Calgary filmmakers are super!

By Ryan Pike

Like the rest of Canada, Calgary is a pretty desolate and unforgiving place during the five to seven months of winter. Most residents huddle indoors to wait out the frigid weather and local filmmakers are no exception. For the past two years a pair of local filmmakers have organized the Super 8 Challenge, designed to keep local talent active during the lean winter months.

“Just the winter alone sort of keeps you a shut-in,” says challenge co-founder Mike Peterson. “You can’t shoot a lot of stuff, even if you have an idea for it. Productions locally kind of shut down. There aren’t too many feature films and there aren’t too many commercials shot over the winter.”
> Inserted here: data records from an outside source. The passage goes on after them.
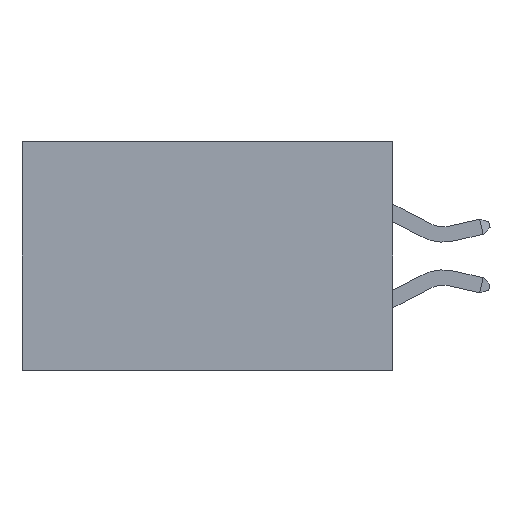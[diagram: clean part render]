
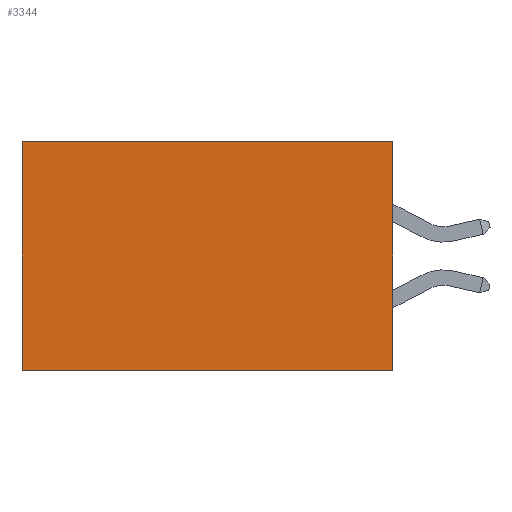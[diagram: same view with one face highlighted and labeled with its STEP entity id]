
A CAD part, left-side view. The second image highlights one B-rep face of the part: STEP entity #3344.
In plain terms, the highlighted planar face has unit normal (-1, 0, 0).
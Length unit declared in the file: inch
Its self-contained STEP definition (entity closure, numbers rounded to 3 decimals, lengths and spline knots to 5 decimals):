
#1466 = CARTESIAN_POINT ( 'NONE',  ( 0.2875, 0.6, 0. ) ) ;
#1473 = EDGE_CURVE ( 'NONE', #20284, #11400, #3546, .T. ) ;
#1636 = VERTEX_POINT ( 'NONE', #1466 ) ;
#2676 = CARTESIAN_POINT ( 'NONE',  ( 0.2875, 0., 0. ) ) ;
#3020 = EDGE_CURVE ( 'NONE', #11400, #8145, #13271, .T. ) ;
#3311 = CARTESIAN_POINT ( 'NONE',  ( 0.2875, 0., -0.37 ) ) ;
#3344 = ADVANCED_FACE ( 'NONE', ( #18621 ), #4138, .F. ) ;
#3546 = LINE ( 'NONE', #2676, #10768 ) ;
#4138 = PLANE ( 'NONE',  #9763 ) ;
#4268 = LINE ( 'NONE', #13475, #12491 ) ;
#4405 = CARTESIAN_POINT ( 'NONE',  ( 0.2875, 0., 0. ) ) ;
#6474 = LINE ( 'NONE', #16855, #14116 ) ;
#8145 = VERTEX_POINT ( 'NONE', #13091 ) ;
#8631 = EDGE_LOOP ( 'NONE', ( #15759, #15282, #11871, #18565 ) ) ;
#9703 = EDGE_CURVE ( 'NONE', #1636, #8145, #6474, .T. ) ;
#9763 = AXIS2_PLACEMENT_3D ( 'NONE', #20071, #21038, #21163 ) ;
#10768 = VECTOR ( 'NONE', #20736, 39.37008 ) ;
#11400 = VERTEX_POINT ( 'NONE', #3311 ) ;
#11871 = ORIENTED_EDGE ( 'NONE', *, *, #1473, .F. ) ;
#12491 = VECTOR ( 'NONE', #15113, 39.37008 ) ;
#12633 = EDGE_CURVE ( 'NONE', #20284, #1636, #4268, .T. ) ;
#13091 = CARTESIAN_POINT ( 'NONE',  ( 0.2875, 0.6, -0.37 ) ) ;
#13271 = LINE ( 'NONE', #16478, #20374 ) ;
#13475 = CARTESIAN_POINT ( 'NONE',  ( 0.2875, 0., 0. ) ) ;
#14116 = VECTOR ( 'NONE', #18492, 39.37008 ) ;
#15113 = DIRECTION ( 'NONE',  ( 0., 1., 0. ) ) ;
#15282 = ORIENTED_EDGE ( 'NONE', *, *, #3020, .F. ) ;
#15759 = ORIENTED_EDGE ( 'NONE', *, *, #9703, .T. ) ;
#16478 = CARTESIAN_POINT ( 'NONE',  ( 0.2875, 0., -0.37 ) ) ;
#16632 = DIRECTION ( 'NONE',  ( 0., 1., 0. ) ) ;
#16855 = CARTESIAN_POINT ( 'NONE',  ( 0.2875, 0.6, 0. ) ) ;
#18492 = DIRECTION ( 'NONE',  ( 0., 0., -1. ) ) ;
#18565 = ORIENTED_EDGE ( 'NONE', *, *, #12633, .T. ) ;
#18621 = FACE_OUTER_BOUND ( 'NONE', #8631, .T. ) ;
#20071 = CARTESIAN_POINT ( 'NONE',  ( 0.2875, 0., 0. ) ) ;
#20284 = VERTEX_POINT ( 'NONE', #4405 ) ;
#20374 = VECTOR ( 'NONE', #16632, 39.37008 ) ;
#20736 = DIRECTION ( 'NONE',  ( 0., 0., -1. ) ) ;
#21038 = DIRECTION ( 'NONE',  ( 1., 0., 0. ) ) ;
#21163 = DIRECTION ( 'NONE',  ( 0., 0., -1. ) ) ;
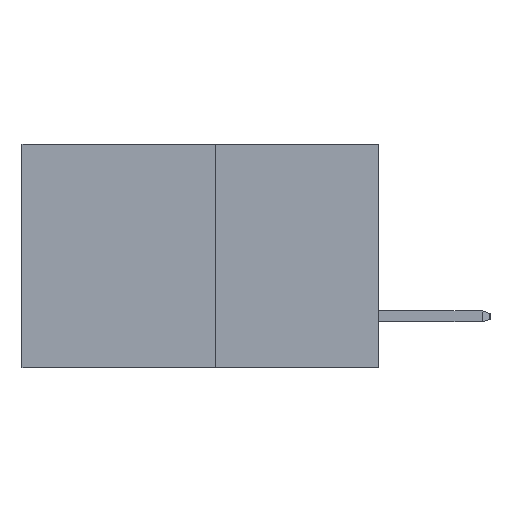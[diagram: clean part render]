
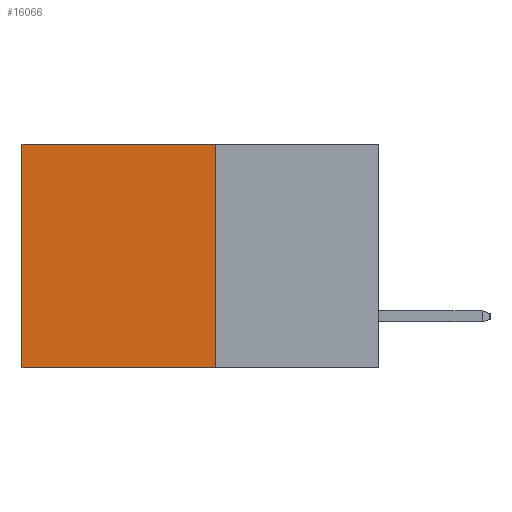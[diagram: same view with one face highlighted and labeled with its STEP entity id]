
A CAD part, left-side view. The second image highlights one B-rep face of the part: STEP entity #16066.
In plain terms, the highlighted planar face has unit normal (-1, 0, 0).
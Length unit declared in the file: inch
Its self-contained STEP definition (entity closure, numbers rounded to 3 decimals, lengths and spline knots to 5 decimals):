
#48 = CARTESIAN_POINT ( 'NONE',  ( 0.277, 0.59, 0. ) ) ;
#314 = PLANE ( 'NONE',  #7828 ) ;
#431 = ORIENTED_EDGE ( 'NONE', *, *, #12556, .T. ) ;
#1058 = EDGE_LOOP ( 'NONE', ( #3454, #16050, #4672, #431 ) ) ;
#1329 = VERTEX_POINT ( 'NONE', #2291 ) ;
#2291 = CARTESIAN_POINT ( 'NONE',  ( 0.277, 0.27, 0. ) ) ;
#3287 = VERTEX_POINT ( 'NONE', #16645 ) ;
#3454 = ORIENTED_EDGE ( 'NONE', *, *, #10769, .T. ) ;
#3532 = VECTOR ( 'NONE', #14666, 39.37008 ) ;
#3854 = CARTESIAN_POINT ( 'NONE',  ( 0.277, 0.27, -0.37 ) ) ;
#4380 = VERTEX_POINT ( 'NONE', #15212 ) ;
#4384 = VECTOR ( 'NONE', #18340, 39.37008 ) ;
#4672 = ORIENTED_EDGE ( 'NONE', *, *, #5148, .F. ) ;
#4909 = LINE ( 'NONE', #10092, #16643 ) ;
#5061 = DIRECTION ( 'NONE',  ( 1., 0., 0. ) ) ;
#5148 = EDGE_CURVE ( 'NONE', #1329, #3287, #16614, .T. ) ;
#7006 = DIRECTION ( 'NONE',  ( 0., 1., 0. ) ) ;
#7075 = CARTESIAN_POINT ( 'NONE',  ( 0.277, 0.59, -0.37 ) ) ;
#7828 = AXIS2_PLACEMENT_3D ( 'NONE', #11160, #5061, #15755 ) ;
#9823 = FACE_OUTER_BOUND ( 'NONE', #1058, .T. ) ;
#10092 = CARTESIAN_POINT ( 'NONE',  ( 0.277, 0.27, 0. ) ) ;
#10769 = EDGE_CURVE ( 'NONE', #16810, #4380, #11222, .T. ) ;
#11160 = CARTESIAN_POINT ( 'NONE',  ( 0.277, 0.27, -0.37 ) ) ;
#11222 = LINE ( 'NONE', #7075, #3532 ) ;
#11496 = DIRECTION ( 'NONE',  ( 0., 1., 0. ) ) ;
#12556 = EDGE_CURVE ( 'NONE', #1329, #16810, #4909, .T. ) ;
#13878 = LINE ( 'NONE', #3854, #17495 ) ;
#14666 = DIRECTION ( 'NONE',  ( 0., 0., -1. ) ) ;
#15212 = CARTESIAN_POINT ( 'NONE',  ( 0.277, 0.59, -0.37 ) ) ;
#15641 = EDGE_CURVE ( 'NONE', #3287, #4380, #13878, .T. ) ;
#15755 = DIRECTION ( 'NONE',  ( 0., 0., -1. ) ) ;
#16050 = ORIENTED_EDGE ( 'NONE', *, *, #15641, .F. ) ;
#16066 = ADVANCED_FACE ( 'NONE', ( #9823 ), #314, .F. ) ;
#16614 = LINE ( 'NONE', #18305, #4384 ) ;
#16643 = VECTOR ( 'NONE', #7006, 39.37008 ) ;
#16645 = CARTESIAN_POINT ( 'NONE',  ( 0.277, 0.27, -0.37 ) ) ;
#16810 = VERTEX_POINT ( 'NONE', #48 ) ;
#17495 = VECTOR ( 'NONE', #11496, 39.37008 ) ;
#18305 = CARTESIAN_POINT ( 'NONE',  ( 0.277, 0.27, -0.37 ) ) ;
#18340 = DIRECTION ( 'NONE',  ( 0., 0., -1. ) ) ;

Peterson hopes that the Super 8 Challenge strengthens the local film community. He notes that while the films produced through the challenge are always important, the collaboration itself remain a crucial part of the event.

“The challenge is sort of a vehicle to build the community amongst the filmmakers and other artists in town,” reflects Peterson. “But it’s also a way to get filmmakers to collaborate amongst themselves, when usually you don’t know other directors or other filmmakers necessarily, and to see what our other fellow filmmakers are up to.”

Following an October call for entrants, 14 invitees were split into 10 groups and each group given the winter months to shoot a film using a Super 8 camera. To shake things up, though, Peterson and co-founder James Reckseidler added in a twist: four elements that must be part of each film.

“All the filmmakers that I invite submit suggestions for the four elements,” notes Peterson. “Based on their suggestions and my own suggestions, we draw them out of a hat and that’s what we end up with.”

As a result of these suggestions, all films were required to address the theme of communication between cultures, include stop-motion animation, a parking lot attendant character and an appearance of the letter F. These wrinkles force the filmmakers to create a bevy of short films that, while similar, are bound to be unique.

“This is a great place to see the local film talent that’s in town, because there’s a lot and I don’t know that it always get recognized,” shares Peterson. “Of the festivals and events around filmmaking, none of them are focused on Calgary so much [while] this is very much a Calgary event.”